### GIVEN RECORDS

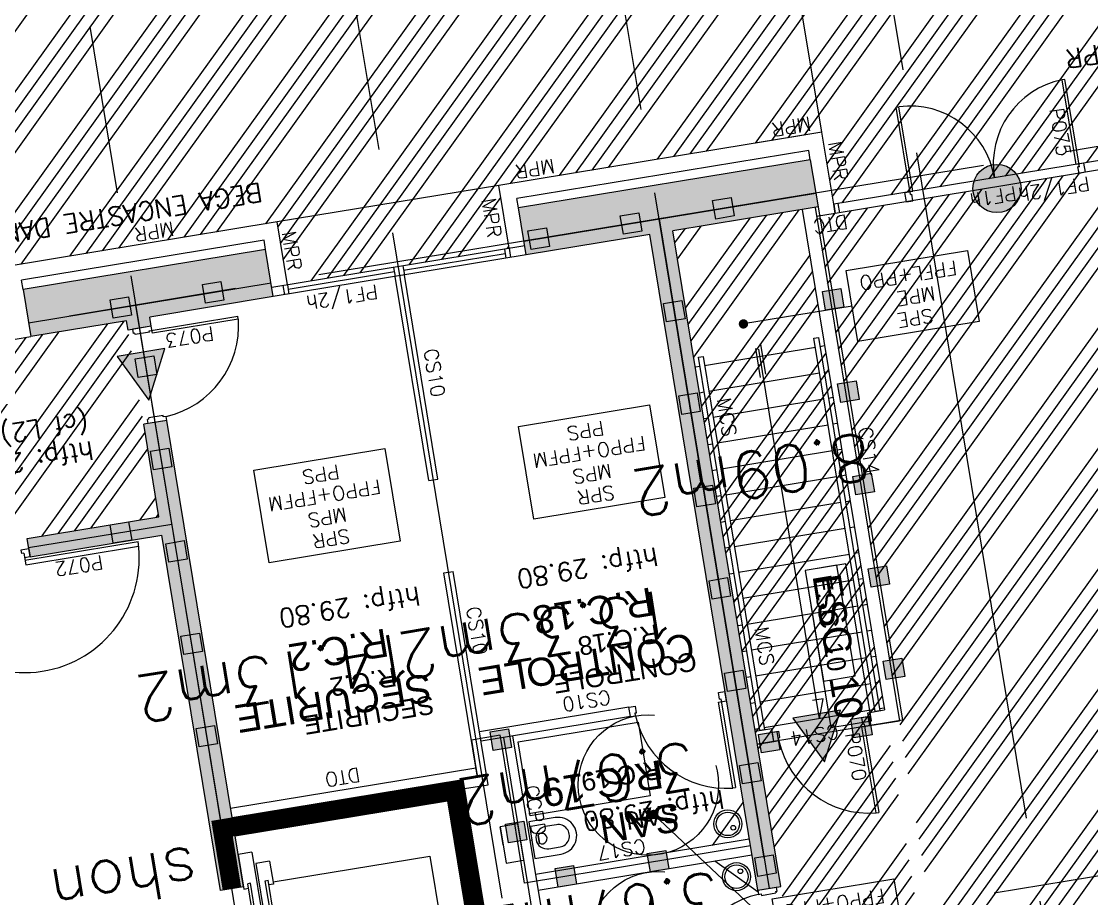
# Model space of a CAD drawing. Header units: millimetres. Extents: x 33240 to 33395, y 51607 to 51720.
# Drawn here: x 33359.2 to 33370.64, y 51666.54 to 51675.91 of the extents above; entities that cross this region are included whole.
import ezdxf
from ezdxf.enums import TextEntityAlignment as Align

# ---------------------------------------------------------------- set-up
doc = ezdxf.new("R2010")
doc.units = ezdxf.units.MM
doc.header["$LTSCALE"] = 0.3
doc.header["$MEASUREMENT"] = 0
for name, pattern in [('ACAD_ISO02W100', [15, 12, -3]), ('ACAD_ISO04W100', [30, 24, -3, 0, -3]), ('ACAD_ISO08W100', [36, 24, -3, 6, -3])]:
    doc.linetypes.add(name, pattern=pattern)
doc.layers.get('0').update_dxf_attribs({"linetype": 'CONTINUOUS'})
for name, color, linetype in [('00-TRAMES-BAT', 7, 'ACAD_ISO08W100'), ('01-TREMIE-ESCAL-ASC', 4, 'CONTINUOUS'), ('02-MURS-PORTEUR', 1, 'CONTINUOUS'), ('04-CLOISONS', 2, 'CONTINUOUS'), ('05-MEN-INT', 4, 'CONTINUOUS'), ('05-MEN-INT-NUM', 62, 'CONTINUOUS'), ('07-REVT-SOL', 8, 'CONTINUOUS'), ('07-REVT.PIERRE', 21, 'CONTINUOUS'), ('08-EQUI-HANDI', 151, 'CONTINUOUS'), ('08-EQUI-SANITAIRE', 121, 'CONTINUOUS'), ('10-ANN-HSP', 192, 'CONTINUOUS'), ('10-ANN-NOMENCLATURE', 3, 'CONTINUOUS'), ('10-ANN-NOMPIECE', 3, 'CONTINUOUS'), ('10-ANN-NOMPIECE-CODE', 171, 'CONTINUOUS'), ('10-ANN-SURF', 62, 'CONTINUOUS'), ('10-ANN-TEXTE', 3, 'CONTINUOUS'), ('11-RES-ELECTRICITE', 71, 'CONTINUOUS'), ('11-RES-ISOL-FEU', 2, 'CONTINUOUS'), ('14-HACH-MURS', 253, 'CONTINUOUS')]:
    doc.layers.add(name, color=color, linetype=linetype)
doc.styles.add('ANN', font='romans.shx')
doc.styles.add('HSP', font='romans.shx')
doc.styles.add('NDP', font='ARIAL.TTF')
doc.styles.add('ROMANS', font='romans.shx', dxfattribs={"height": 0.2})
doc.styles.add('SURF', font='romans.shx', dxfattribs={"height": 0.5})

# ---------------------------------------------------------------- blocks, each defined once
blk = doc.blocks.new('MVP9')
for p, q in [((0.075, 0.93), (0.045, 0.93)), ((0.045, -0.03), (0.045, 0.93)), ((0.075, 0.93), (0.075, 0)), ((0.075, 0), (0, 0)), ((0, 0), (0, -0.2)), ((0.975, 0), (0.975, -0.03)), ((1.02, 0), (0.975, 0)), ((0.06, -0.03), (0.045, -0.03)), ((0.06, -0.03), (0.06, -0.185)), ((0.975, -0.03), (0.96, -0.03)), ((0.96, -0.03), (0.96, -0.185)), ((1.02, 0), (1.02, -0.2)), ((0.045, -0.2), (0, -0.2)), ((0.06, -0.185), (0.045, -0.185)), ((0.045, -0.185), (0.045, -0.2)), ((0.975, -0.185), (0.96, -0.185)), ((0.975, -0.185), (0.975, -0.2)), ((1.02, -0.2), (0.975, -0.2))]:
    blk.add_line(p, q)
for centre, radius, start, end in [((-0.015, -0.057), 0.992, 3.3237, 84.7979), ((0.175, 0), 0.83, 0, 0)]:
    blk.add_arc(centre, radius, start, end)
blk = doc.blocks.new('7DP18')
for p, q in [((0.055, -0.03), (0.055, 0.915)), ((0.055, 0.915), (0.085, 0.915)), ((0.085, 0), (0.085, 0.915)), ((1.855, 0), (1.855, 0.915)), ((1.885, 0.915), (1.855, 0.915)), ((1.885, -0.03), (1.885, 0.915)), ((0, -0.1), (0, 0)), ((0, 0), (0.085, 0)), ((1.94, 0), (1.855, 0)), ((1.94, -0.1), (1.94, 0)), ((0, -0.1), (0.07, -0.1)), ((0.055, -0.03), (0.07, -0.03)), ((0.07, -0.1), (0.07, -0.03)), ((1.87, -0.1), (1.87, -0.03)), ((1.885, -0.03), (1.87, -0.03)), ((1.94, -0.1), (1.87, -0.1))]:
    blk.add_line(p, q)
for centre, start, end in [((0.055, 0), 0, 88.1221), ((1.885, 0), 91.8779, 180)]:
    blk.add_arc(centre, 0.915, start, end)
blk = doc.blocks.new('ASC14')
for p, q in [((-0.15, 2.2), (0, 2.2)), ((-0.15, 0), (-0.15, 2.2)), ((0, 1.825), (0, 2.2)), ((-0.32, 1.825), (-0.32, 2.075)), ((-0.32, 2.075), (-0.17, 2.075)), ((-0.17, 0.125), (-0.17, 2.075)), ((-0.32, 1.85), (-2.02, 1.85)), ((-2.02, 0.35), (-2.02, 1.85)), ((-0.27, 1.493), (-0.27, 1.875)), ((-0.24, 1.875), (-0.27, 1.875)), ((-0.24, 1.493), (-0.24, 1.875)), ((-0.08, 1.493), (-0.08, 1.875)), ((-0.08, 1.875), (-0.05, 1.875)), ((-0.05, 1.493), (-0.05, 1.875)), ((-0.32, 1.825), (-0.27, 1.825)), ((0, 1.825), (-0.05, 1.825)), ((-0.24, 1.493), (-0.27, 1.493)), ((-0.2, 1.532), (-0.23, 1.532)), ((-0.23, 1.532), (-0.23, 1.15)), ((-0.2, 1.532), (-0.2, 1.15)), ((-0.12, 1.532), (-0.09, 1.532)), ((-0.12, 1.532), (-0.12, 1.15)), ((-0.09, 1.532), (-0.09, 1.15)), ((-0.08, 1.493), (-0.05, 1.493)), ((-0.2, 1.15), (-0.23, 1.15)), ((-0.12, 1.15), (-0.09, 1.15)), ((-0.2, 1.05), (-0.23, 1.05)), ((-0.23, 0.668), (-0.23, 1.05)), ((-0.2, 0.668), (-0.2, 1.05)), ((-0.12, 0.668), (-0.12, 1.05)), ((-0.12, 1.05), (-0.09, 1.05)), ((-0.09, 0.668), (-0.09, 1.05)), ((-0.27, 0.707), (-0.27, 0.325)), ((-0.24, 0.707), (-0.27, 0.707)), ((-0.24, 0.707), (-0.24, 0.325)), ((-0.08, 0.707), (-0.08, 0.325)), ((-0.08, 0.707), (-0.05, 0.707)), ((-0.05, 0.707), (-0.05, 0.325)), ((-0.2, 0.668), (-0.23, 0.668)), ((-0.12, 0.668), (-0.09, 0.668)), ((-0.32, 0.35), (-2.02, 0.35)), ((-0.32, 0.375), (-0.27, 0.375)), ((-0.32, 0.125), (-0.32, 0.375)), ((0, 0.375), (-0.05, 0.375)), ((0, 0), (0, 0.375)), ((-0.24, 0.325), (-0.27, 0.325)), ((-0.08, 0.325), (-0.05, 0.325)), ((-0.32, 0.125), (-0.17, 0.125)), ((-0.15, 0), (0, 0))]:
    blk.add_line(p, q)
blk.add_lwpolyline([(-2.02, 1.967), (-0.72, 1.967), (-0.72, 2.067), (-2.02, 2.067)], close=True)
blk = doc.blocks.new('7DP9')
for p, q in [((0.055, -0.03), (0.055, 0.93)), ((0.085, 0.93), (0.055, 0.93)), ((0.085, 0.93), (0.085, 0)), ((0, 0), (0, -0.1)), ((0.085, 0), (0, 0)), ((0.07, -0.1), (0, -0.1)), ((0.07, -0.03), (0.055, -0.03)), ((0.07, -0.03), (0.07, -0.1)), ((0.97, -0.03), (0.97, -0.1)), ((0.985, -0.03), (0.97, -0.03)), ((1.04, -0.1), (0.97, -0.1)), ((1.04, 0), (0.985, 0)), ((0.985, 0), (0.985, -0.03)), ((1.04, 0), (1.04, -0.1))]:
    blk.add_line(p, q)
for centre, radius, start, end in [((-0.005, -0.057), 0.992, 3.3237, 84.7979), ((0.185, 0), 0.83, 0, 0)]:
    blk.add_arc(centre, radius, start, end)
blk = doc.blocks.new('5CP14TT1')
for p, q in [((1.435, 0), (1.435, 0.715)), ((1.435, 0.715), (1.465, 0.715)), ((1.465, -0.03), (1.465, 0.715)), ((0.035, 0.015), (-0.6799, 0.015)), ((0.035, 0.045), (-0.6786, 0.045)), ((0, 0), (0.035, 0)), ((0, -0.05), (0, 0)), ((0.035, -0.03), (0.035, 0.045)), ((1.5, 0), (1.435, 0)), ((1.5, -0.05), (1.5, 0)), ((0, -0.05), (0.05, -0.05)), ((0.035, -0.03), (0.05, -0.03)), ((0.05, -0.05), (0.05, -0.03)), ((1.45, -0.05), (1.45, -0.03)), ((1.465, -0.03), (1.45, -0.03)), ((1.5, -0.05), (1.45, -0.05))]:
    blk.add_line(p, q)
for centre, start, end in [((0.035, 0.0006), 359.94954, 178.84837), ((1.465, 0.0006), 92.4047, 180.05046)]:
    blk.add_arc(centre, 0.715, start, end)
blk = doc.blocks.new('SMP2')
blk.add_lwpolyline([(-1.315, 0), (0, 0), (0, -0.77), (-1.315, -0.77)], close=True)
at = {"style": 'ROMANS'}
for tag, p in [('SOLS', (-0.646, -0.148)), ('PAROIS', (-0.643, -0.377)), ('FAUX-PLAFONDS', (-0.646, -0.61))]:
    blk.add_attdef(tag, text='', height=0.15, dxfattribs=at).set_placement(p, align=Align.MIDDLE)
blk = doc.blocks.new('SMP3')
blk.add_lwpolyline([(-1.367, 0), (0.052, 0), (0.052, -1.003), (-1.367, -1.003)], close=True)
at = {"style": 'ROMANS'}
for tag, p in [('SOLS', (-0.646, -0.148)), ('PAROIS', (-0.643, -0.377)), ('FAUX-PLAFONDS', (-0.651, -0.613)), ('FAUX-PLAFONDS', (-0.648, -0.842))]:
    blk.add_attdef(tag, text='', height=0.15, dxfattribs=at).set_placement(p, align=Align.MIDDLE)
blk = doc.blocks.new('PF1-2H')
blk.add_hatch(color=256).paths.add_polyline_path([(-0.001288, 0, 1), (0.001288, 0, 1)])
blk.add_circle((0, 0), 0.001288)
blk = doc.blocks.new('CF1-2H')
for p, q in [((0, 0.002576), (-0.001288, 0)), ((0.001288, 0), (0, 0.002576)), ((-0.001288, 0), (0.001288, 0))]:
    blk.add_line(p, q)
blk.add_solid([(-0.001288, 0), (0, 0.002576), (0.001288, 0)])
blk = doc.blocks.new('CARRE2')
blk.add_hatch(color=256).paths.add_polyline_path([(-0.1, 0.1), (0.1, 0.1), (0.1, -0.1), (-0.1, -0.1)])
blk.add_lwpolyline([(-0.1, 0.1), (0.1, 0.1), (0.1, -0.1), (-0.1, -0.1)], close=True)

msp = doc.modelspace()

# ---------------------------------------------------------------- hatches: boundary and pattern name
at = {"layer": '07-REVT-SOL'}
h = msp.add_hatch(dxfattribs=at)
h.set_pattern_fill('ANSI34', color=256, style=0)
h.set_pattern_definition([(234.3505737, (57752.873, 108291.1774), (0.609448717, -0.4371181325), []), (234.3505737, (57752.69855, 108291.1487), (0.609448717, -0.4371181325), []), (234.3505737, (57752.5241, 108291.12), (0.609448717, -0.4371181325), []), (234.3505737, (57752.3497, 108291.09124), (0.609448717, -0.4371181325), [])])
h.paths.add_polyline_path([(33309.5314, 51685.8588), (33309.227, 51686.3339), (33308.7901, 51686.9168), (33308.2417, 51687.5322), (33307.7231, 51688.0157), (33307.1703, 51688.4635), (33306.6491, 51688.8373), (33306.1684, 51689.1099), (33305.6057, 51689.375), (33304.8593, 51689.5906), (33304.3981, 51689.6614), (33304.0875, 51689.6801), (33303.4661, 51689.653), (33302.8229, 51689.5078), (33302.2165, 51689.3237), (33301.8431, 51689.1436), (33301.2325, 51688.7418), (33301.0441, 51688.5546), (33300.8119, 51688.2317), (33300.636, 51687.875), (33300.5145, 51687.359), (33300.505, 51686.6688), (33300.5777, 51685.9763), (33300.7416, 51685.2753), (33300.9406, 51684.7213), (33301.0157, 51684.5876), (33307.3638, 51673.1728), (33307.5551, 51673.4027), (33307.8762, 51673.8025), (33308.1163, 51674.1181), (33308.411, 51674.5325), (33308.7556, 51675.0512), (33309.048, 51675.5283), (33309.3762, 51676.1097), (33309.5889, 51676.5207), (33309.7607, 51676.8698), (33310.0204, 51677.4522), (33310.2137, 51677.9361), (33310.3288, 51678.2748), (33310.4454, 51678.6692), (33310.6648, 51679.6374), (33310.76, 51680.4082), (33310.7988, 51681.1264), (33310.7886, 51681.6572), (33311.6353, 51681.6308), (33311.6077, 51680.7216), (33311.5149, 51679.9648), (33311.413, 51679.3793), (33311.2805, 51678.8426), (33311.0938, 51678.2397), (33310.6536, 51677.1452), (33310.0752, 51675.9925), (33309.4154, 51674.8904), (33308.8726, 51674.099), (33308.2849, 51673.3459), (33307.8733, 51672.8629), (33307.228, 51672.1682), (33306.3132, 51671.3076), (33305.9865, 51671.0325), (33305.8529, 51670.9201), (33304.975, 51670.2548), (33303.8087, 51669.4948), (33303.0073, 51669.0533), (33301.8018, 51668.4879), (33300.9566, 51668.032), (33299.3651, 51667.685), (33298.3344, 51667.4599), (33297.6468, 51667.3707), (33296.7824, 51667.2899), (33295.9203, 51667.253), (33295.2266, 51667.2152), (33294.1119, 51667.2875), (33293.3748, 51667.4449), (33292.5369, 51667.5422), (33291.7914, 51667.7628), (33290.9562, 51668.1367), (33290.4698, 51668.2741), (33289.8201, 51668.6138), (33289.1999, 51669.0055), (33288.3839, 51669.5907), (33287.876, 51669.955), (33287.2211, 51670.7667), (33274.7777, 51668.6362), (33276.256, 51659.6586), (33284.2497, 51660.9749), (33284.3561, 51660.329), (33287.1543, 51660.7657), (33287.0441, 51661.435), (33288.3848, 51661.6423), (33288.4866, 51660.9834), (33292.2493, 51661.603), (33292.1421, 51662.2745), (33293.3262, 51662.4694), (33294.2159, 51657.0657), (33297.0273, 51657.8411), (33296.5137, 51662.3558), (33296.1876, 51662.9406), (33297.1941, 51663.1064), (33297.3208, 51662.3368), (33297.3071, 51662.3342), (33297.2354, 51662.0285), (33297.1718, 51661.7039), (33297.1191, 51661.3565), (33297.0807, 51661.0087), (33297.0553, 51660.6759), (33297.0448, 51660.2508), (33297.0546, 51659.9073), (33297.0786, 51659.5031), (33297.126, 51659.0791), (33297.2144, 51658.5421), (33297.1583, 51658.5188), (33297.3195, 51657.5459), (33297.3809, 51657.5561), (33297.3948, 51657.457), (33298.8658, 51657.679), (33298.8462, 51657.7974), (33298.9103, 51657.8079), (33298.7662, 51658.6942), (33298.7288, 51659.1864), (33298.7198, 51659.4049), (33298.7232, 51660.1393), (33298.7457, 51660.5123), (33298.7907, 51660.9605), (33298.8677, 51661.4609), (33298.9907, 51662.0019), (33299.0813, 51662.4183), (33299.1901, 51662.781), (33299.4457, 51663.3946), (33299.6955, 51663.8263), (33299.9745, 51664.1844), (33300.2447, 51664.447), (33300.5617, 51664.6801), (33300.8381, 51664.8192), (33301.2209, 51664.9383), (33301.4693, 51664.9787), (33301.841, 51664.9673), (33302.2061, 51664.8995), (33302.6126, 51664.7536), (33302.9838, 51664.5426), (33303.3445, 51664.2838), (33303.6583, 51663.9764), (33303.8954, 51663.7058), (33304.1617, 51663.3541), (33304.4484, 51662.8985), (33304.7788, 51662.2731), (33305.0523, 51661.5322), (33305.2961, 51660.675), (33305.4695, 51659.9959), (33305.6024, 51659.3706), (33305.6852, 51658.9167), (33307.3767, 51659.1899), (33307.1404, 51660.5973), (33307.0303, 51661.1738), (33306.9413, 51661.6002), (33306.7799, 51662.3125), (33306.6023, 51663.0284), (33306.4522, 51663.5891), (33306.3171, 51663.5669), (33306.1501, 51664.5811), (33310.3148, 51665.2669), (33310.4416, 51664.4972), (33315.177, 51665.277), (33315.0503, 51666.0466), (33321.9737, 51667.1866), (33322.0842, 51666.5156), (33326.0968, 51667.1763), (33325.9863, 51667.8474), (33338.2877, 51669.8729), (33338.4145, 51669.1031), (33337.1627, 51668.8969), (33337.4803, 51666.9678), (33338.0209, 51667.0568), (33338.5748, 51667.148), (33338.8591, 51667.1949), (33339.4721, 51667.2958), (33339.4876, 51667.2022), (33342.9411, 51667.7709), (33342.9248, 51667.8696), (33343.8326, 51668.019), (33343.8488, 51667.9204), (33345.1427, 51668.1334), (33344.8096, 51670.1562), (33343.348, 51669.9155), (33343.2212, 51670.6853), (33356.0482, 51672.7974), (33356.1749, 51672.0277), (33354.958, 51671.8273), (33355.3024, 51669.7355), (33360.6718, 51670.6196), (33360.3274, 51672.7114), (33359.1351, 51672.5151), (33359.0083, 51673.2848), (33361.9356, 51673.7669), (33362.0461, 51673.0958), (33364.4142, 51673.4857), (33364.3037, 51674.1568), (33367.7572, 51674.7255), (33367.8839, 51673.9557), (33371.2387, 51674.5081), (33371.112, 51675.2779), (33374.9437, 51675.9088), (33375.0705, 51675.1391), (33376.6328, 51675.3963), (33376.506, 51676.1661), (33377.325, 51676.3009), (33377.0481, 51677.9827), (33376.9198, 51677.9616), (33376.6273, 51679.7377), (33376.7556, 51679.7588), (33376.4112, 51681.8507), (33376.2829, 51681.8295), (33375.9904, 51683.6056), (33376.1187, 51683.6267), (33375.8418, 51685.3086), (33360.6783, 51682.8117), (33360.8797, 51680.4431), (33357.4663, 51679.6643), (33355.8502, 51679.2955), (33350.3855, 51678.0486), (33349.3674, 51677.9353), (33349.2809, 51678.7127), (33350.1901, 51678.8161), (33350.4466, 51678.8746), (33350.1324, 51680.7824), (33345.8713, 51680.0807), (33346.1535, 51678.3669), (33347.7703, 51678.5446), (33347.8568, 51677.7672), (33337.862, 51676.655), (33331.4691, 51682.1156), (33331.436, 51682.1102), (33331.3791, 51682.4555), (33331.426, 51682.4633), (33332.4803, 51685.4342), (33333.3075, 51685.2862), (33334.1791, 51687.6816), (33333.3953, 51687.9546), (33334.4746, 51690.9071), (33334.675, 51691.1303), (33338.2027, 51692.6579), (33338.2118, 51692.6161), (33338.5092, 51692.2989), (33338.6344, 51692.0226), (33341.707, 51693.0697), (33341.5019, 51693.412), (33341.3795, 51693.7866), (33344.946, 51694.7179), (33345.2392, 51694.7817), (33348.5761, 51695.3735), (33348.8741, 51695.4084), (33348.9099, 51694.6324), (33348.9146, 51694.6048), (33352.1472, 51694.9081), (33352.1459, 51695.2202), (33352.2417, 51695.6865), (33356.3412, 51695.7195), (33356.4073, 51695.575), (33357.7275, 51698.1124), (33357.1877, 51701.3904), (33320.2349, 51695.2976), (33319.7443, 51698.296), (33309.9064, 51696.6761), (33310.4, 51693.6782), (33300.57, 51692.0596), (33300.7406, 51691.0235), (33301.5358, 51691.0422), (33302.2561, 51690.9986), (33302.8984, 51690.9343), (33303.2847, 51690.8855), (33303.8837, 51690.7723), (33304.4095, 51690.6586), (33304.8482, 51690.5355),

### TASK GOAL
Would you please write out, exactly and with no other lines, the stretch of the listing above from the line containing "doc.styles.add('ANN', font='romans.shx')" through the line containing "blk = doc.blocks.new('MVP9')"?

### RESPONSE
doc.styles.add('ANN', font='romans.shx')
doc.styles.add('HSP', font='romans.shx')
doc.styles.add('NDP', font='ARIAL.TTF')
doc.styles.add('ROMANS', font='romans.shx', dxfattribs={"height": 0.2})
doc.styles.add('SURF', font='romans.shx', dxfattribs={"height": 0.5})

# ---------------------------------------------------------------- blocks, each defined once
blk = doc.blocks.new('MVP9')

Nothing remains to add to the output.